Dick Bednar as Coach

He's Got the Moves

Dick Bednar Moves from the Technical World of Computers to the Playing Fields as a Volunteer for Youth Soccer

October 24, 2006

By Pamela McLaren

For more than 30 years, Dick Bednar has become known around campus as much for his dry wit and charm as for his computer skills.
           
The senior director of information technology joined the campus in 1973 as a faculty member in finance but discovered that he was much more interested in what computers could do than in figures and spreadsheets. So the draft of his doctoral dissertation got dusty while he moved into the university’s fledgling Computer Center.
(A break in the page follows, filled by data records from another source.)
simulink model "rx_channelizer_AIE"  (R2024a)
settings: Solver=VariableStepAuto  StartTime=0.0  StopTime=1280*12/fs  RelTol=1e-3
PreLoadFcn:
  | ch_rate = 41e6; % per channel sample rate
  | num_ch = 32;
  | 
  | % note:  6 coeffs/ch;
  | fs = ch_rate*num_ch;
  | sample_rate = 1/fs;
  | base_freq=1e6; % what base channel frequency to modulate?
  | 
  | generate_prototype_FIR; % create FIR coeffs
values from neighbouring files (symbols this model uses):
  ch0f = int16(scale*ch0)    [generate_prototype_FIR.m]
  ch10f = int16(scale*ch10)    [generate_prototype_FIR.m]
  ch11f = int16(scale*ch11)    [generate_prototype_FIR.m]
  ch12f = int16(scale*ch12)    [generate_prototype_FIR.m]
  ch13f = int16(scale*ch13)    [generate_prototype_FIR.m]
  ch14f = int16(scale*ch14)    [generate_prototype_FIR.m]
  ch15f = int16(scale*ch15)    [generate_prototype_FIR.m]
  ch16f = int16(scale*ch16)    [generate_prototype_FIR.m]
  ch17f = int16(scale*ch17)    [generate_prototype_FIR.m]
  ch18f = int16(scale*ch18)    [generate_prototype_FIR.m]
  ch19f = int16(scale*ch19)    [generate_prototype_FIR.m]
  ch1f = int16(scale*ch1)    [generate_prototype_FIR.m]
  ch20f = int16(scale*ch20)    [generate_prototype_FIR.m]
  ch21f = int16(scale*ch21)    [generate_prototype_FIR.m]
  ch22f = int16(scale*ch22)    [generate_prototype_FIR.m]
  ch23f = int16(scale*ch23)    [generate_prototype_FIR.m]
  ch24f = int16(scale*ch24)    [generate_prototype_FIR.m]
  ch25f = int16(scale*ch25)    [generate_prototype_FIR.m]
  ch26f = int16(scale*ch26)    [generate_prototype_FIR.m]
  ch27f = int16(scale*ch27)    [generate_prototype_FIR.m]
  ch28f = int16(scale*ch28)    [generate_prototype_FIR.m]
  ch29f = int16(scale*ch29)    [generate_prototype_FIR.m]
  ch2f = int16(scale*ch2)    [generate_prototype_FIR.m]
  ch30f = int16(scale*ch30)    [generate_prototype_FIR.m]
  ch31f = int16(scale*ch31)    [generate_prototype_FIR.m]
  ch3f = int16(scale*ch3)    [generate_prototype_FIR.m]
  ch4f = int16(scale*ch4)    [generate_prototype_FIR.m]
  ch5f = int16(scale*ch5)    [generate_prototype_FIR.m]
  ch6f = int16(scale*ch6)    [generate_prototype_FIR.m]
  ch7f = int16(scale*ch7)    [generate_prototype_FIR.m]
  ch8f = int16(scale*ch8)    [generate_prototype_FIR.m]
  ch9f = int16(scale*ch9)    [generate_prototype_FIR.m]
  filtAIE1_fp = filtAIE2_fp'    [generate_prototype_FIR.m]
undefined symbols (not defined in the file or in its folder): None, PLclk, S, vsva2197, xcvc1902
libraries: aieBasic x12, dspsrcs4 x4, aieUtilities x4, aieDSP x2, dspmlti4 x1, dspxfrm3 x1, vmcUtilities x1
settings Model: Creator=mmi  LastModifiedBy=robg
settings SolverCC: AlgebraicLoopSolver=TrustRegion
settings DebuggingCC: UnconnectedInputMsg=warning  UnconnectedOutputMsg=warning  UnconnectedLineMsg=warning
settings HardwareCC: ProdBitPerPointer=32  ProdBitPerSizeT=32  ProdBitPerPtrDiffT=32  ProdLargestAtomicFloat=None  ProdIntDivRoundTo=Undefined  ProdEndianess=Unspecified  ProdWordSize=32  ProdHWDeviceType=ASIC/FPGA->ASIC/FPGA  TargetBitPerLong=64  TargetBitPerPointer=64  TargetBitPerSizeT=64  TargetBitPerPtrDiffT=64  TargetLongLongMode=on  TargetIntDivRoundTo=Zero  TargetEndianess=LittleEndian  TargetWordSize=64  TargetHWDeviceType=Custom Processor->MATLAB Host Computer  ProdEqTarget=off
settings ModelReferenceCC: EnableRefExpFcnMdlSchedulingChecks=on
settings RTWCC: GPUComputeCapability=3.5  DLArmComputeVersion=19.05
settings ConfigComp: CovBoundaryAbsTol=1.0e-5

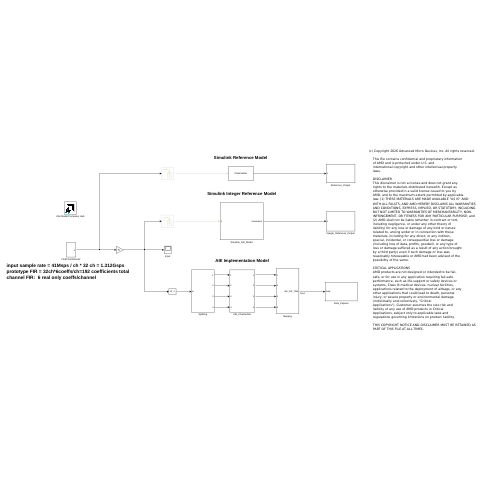
[thumbnail: Simulink's stored preview of the top-level diagram]
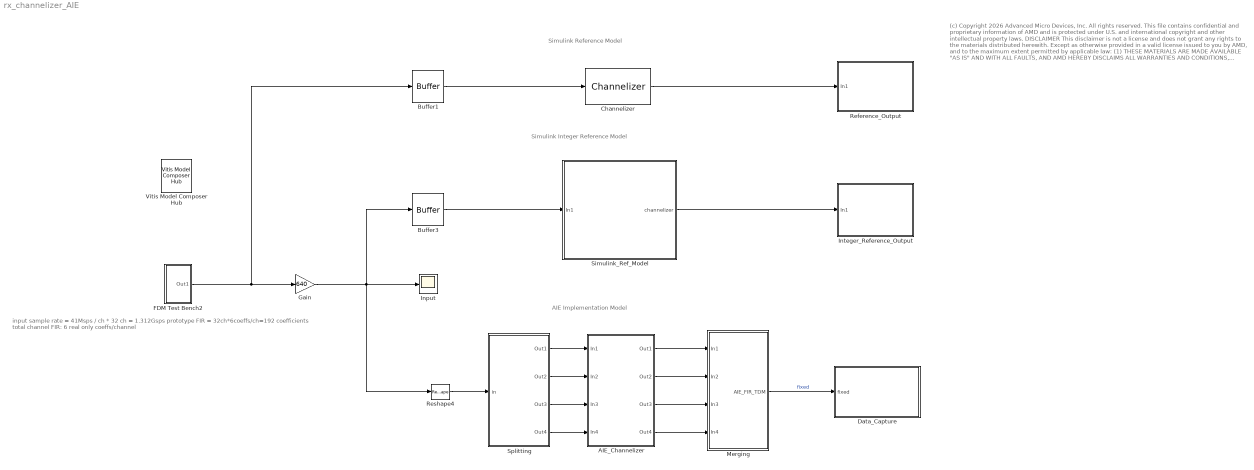
== system rx_channelizer_AIE ==
  note: input sample rate = 41Msps / ch * 32 ch = 1.312Gsps
      | prototype FIR = 32ch*6coeffs/ch=192 coefficients total
      | channel FIR: 6 real only coeffs/channel
  note: (c) Copyright 2026 Advanced Micro Devices, Inc. All rights reserved.
      |
      | This file contains confidential and proprietary information
      | of AMD and is protected under U.S. and
      | international copyright and other intellectual property
      | laws.
      |
      | DISCLAIMER
      | This disclaimer is not a license and does not grant any
      | rights to the materials distributed herewith. Except as
      | otherwise provided in a valid license issued to you by
      | AMD, and to the maximum extent permitted by applicable
      | law: (1) THESE MATERIALS ARE MADE AVAILABLE "AS IS" AND
      | WITH ALL FAULTS, AND AMD HEREBY DISCLAIMS ALL WARRANTIES
      | AND CONDITIONS, EXPRESS, IMPLIED, OR STATUTORY, INCLUDING
      | BUT NOT LIMITED TO WARRANTIES OF MERCHANTABILITY, NON-
      | INFRINGEMENT, OR FITNESS FOR ANY PARTICULAR PURPOSE; and
      | (2) AMD shall not be liable (whether in contract or tort,
      | including negligence, or under any other theory of
      | liability) for any loss or damage of any kind or nature
      | related to, arising under or in connection with these
      | materials, including for any direct, or any indirect,
      | special, incidental, or consequential loss or damage
      | (including loss of data, profits, goodwill, or any type of
      | loss or damage suffered as a result of any action brought
      | by a third party) even if such damage or loss was
      | reasonably foreseeable or AMD had been advised of the
      | possibility of the same.
      |
      | CRITICAL APPLICATIONS
      | AMD products are not designed or intended to be fail-
      | safe, or for use in any application requiring fail-safe
      | performance, such as life-support or safety devices or
      | systems, Class III medical devices, nuclear facilities,
      | applications related to the deployment of airbags, or any
      | other applications that could lead to death, personal
      | injury, or severe property or environmental damage
      | (individually and collectively, "Critical
      | Applications"). Customer assumes the sole risk and
      | liability of any use of AMD products in Critical
      | Applications, subject only to applicable laws and
      | regulations governing limitations on product liability.
      |
      | THIS COPYRIGHT NOTICE AND DISCLAIMER MUST BE RETAINED AS
      | PART OF THIS FILE AT ALL TIMES.
  note: Simulink Reference Model
  note: Simulink Integer Reference Model
  note: AIE Implementation Model
  AIE_Channelizer : Subsystem
  Buffer1 : Buffer  N=num_ch  OutputFrames=off
  Buffer3 : Buffer  N=num_ch  OutputFrames=off
  Channelizer : dspmlti4/Channelizer  NumFrequencyBands=32  DecimationFactor=Number of frequency bands  Specification=Coefficients  CoefficientsPort=off  NumTapsPerBand=6  StopbandAttenuation=80  LowpassCoefficients=pf  AllowArbitraryInputLength=off  BandsAsSeparateOutputPorts=off  SimulateUsing=Interpreted execution
  Data_Capture : Subsystem
  FDM Test Bench2 : Subsystem
  Gain : Gain  Gain=640  OutDataTypeStr=int16
  Input : Scope
  Integer_Reference_Output : Subsystem
  Merging : Subsystem
  Reference_Output : Subsystem
  Reshape4 : Reshape
  Simulink_Ref_Model : Subsystem
  Splitting : Subsystem
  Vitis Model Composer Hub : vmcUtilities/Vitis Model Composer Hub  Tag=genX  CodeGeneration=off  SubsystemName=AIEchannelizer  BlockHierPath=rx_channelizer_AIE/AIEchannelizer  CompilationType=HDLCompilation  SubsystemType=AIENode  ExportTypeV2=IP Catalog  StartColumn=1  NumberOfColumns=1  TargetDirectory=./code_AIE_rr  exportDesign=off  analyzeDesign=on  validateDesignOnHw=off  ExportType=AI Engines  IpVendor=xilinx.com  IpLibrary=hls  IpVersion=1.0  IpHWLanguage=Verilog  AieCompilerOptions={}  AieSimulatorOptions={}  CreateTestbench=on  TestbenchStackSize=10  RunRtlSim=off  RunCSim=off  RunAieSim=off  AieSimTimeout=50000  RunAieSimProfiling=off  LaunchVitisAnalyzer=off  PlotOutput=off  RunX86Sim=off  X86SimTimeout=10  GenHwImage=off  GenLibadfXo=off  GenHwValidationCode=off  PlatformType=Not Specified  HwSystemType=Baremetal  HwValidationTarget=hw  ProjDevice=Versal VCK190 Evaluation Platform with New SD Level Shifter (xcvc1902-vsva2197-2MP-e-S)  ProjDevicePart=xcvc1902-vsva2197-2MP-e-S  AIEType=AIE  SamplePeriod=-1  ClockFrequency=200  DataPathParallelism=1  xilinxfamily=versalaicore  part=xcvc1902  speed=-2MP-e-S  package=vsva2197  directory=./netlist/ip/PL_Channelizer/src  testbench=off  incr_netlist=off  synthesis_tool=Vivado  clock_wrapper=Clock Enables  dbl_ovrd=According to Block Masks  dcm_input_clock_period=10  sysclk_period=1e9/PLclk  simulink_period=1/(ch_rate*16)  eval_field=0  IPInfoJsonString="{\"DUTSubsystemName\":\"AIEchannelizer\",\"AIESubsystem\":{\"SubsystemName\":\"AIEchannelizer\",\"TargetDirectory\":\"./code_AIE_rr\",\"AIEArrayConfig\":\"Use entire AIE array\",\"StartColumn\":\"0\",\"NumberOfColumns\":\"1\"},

He’s never looked back.
           
So what does a man formerly of facts and figures, now bits and bites, do with his free time? If you’re an athlete’s parent in Orange County, you’re out on the playing fields watching your kids play.
           
Two decades ago, Bednar was out on a field watching his two sons compete as members of a Junior United Soccer Association (JUSA) soccer team. And as many parents find themselves, serving as a volunteer: first as a coach and then as a referee. While serving as a referee, he noticed the condition of the athletic fields — many on school grounds. Budget cutbacks had cut the school district staff that normally kept the fields, so Bednar and others began doing it themselves.
           
For 11 years — long past the time his sons quit JUSA and moved onto other things — Bednar has taken on the responsibility of maintaining the JUSA fields in Yorba Linda and Placentia.
           
Bednar has found his place tending to uneven grounds, dying grass or bare patches. “I figure I spend about 20 hours per week in the summer months,” he estimates, to get the fields ready by August when teams start to play.
           
JUSA serves about 4,500 youth on 34 fields in three cities, according to Bednar. He supervises a crew of about 80 volunteers who make sure fields are in playing order.
           
Bednar says he spent about $65,000 on the fields this year and has received support, guidance and appreciation from the school district where the fields are located. Hundreds of area school children are the beneficiaries.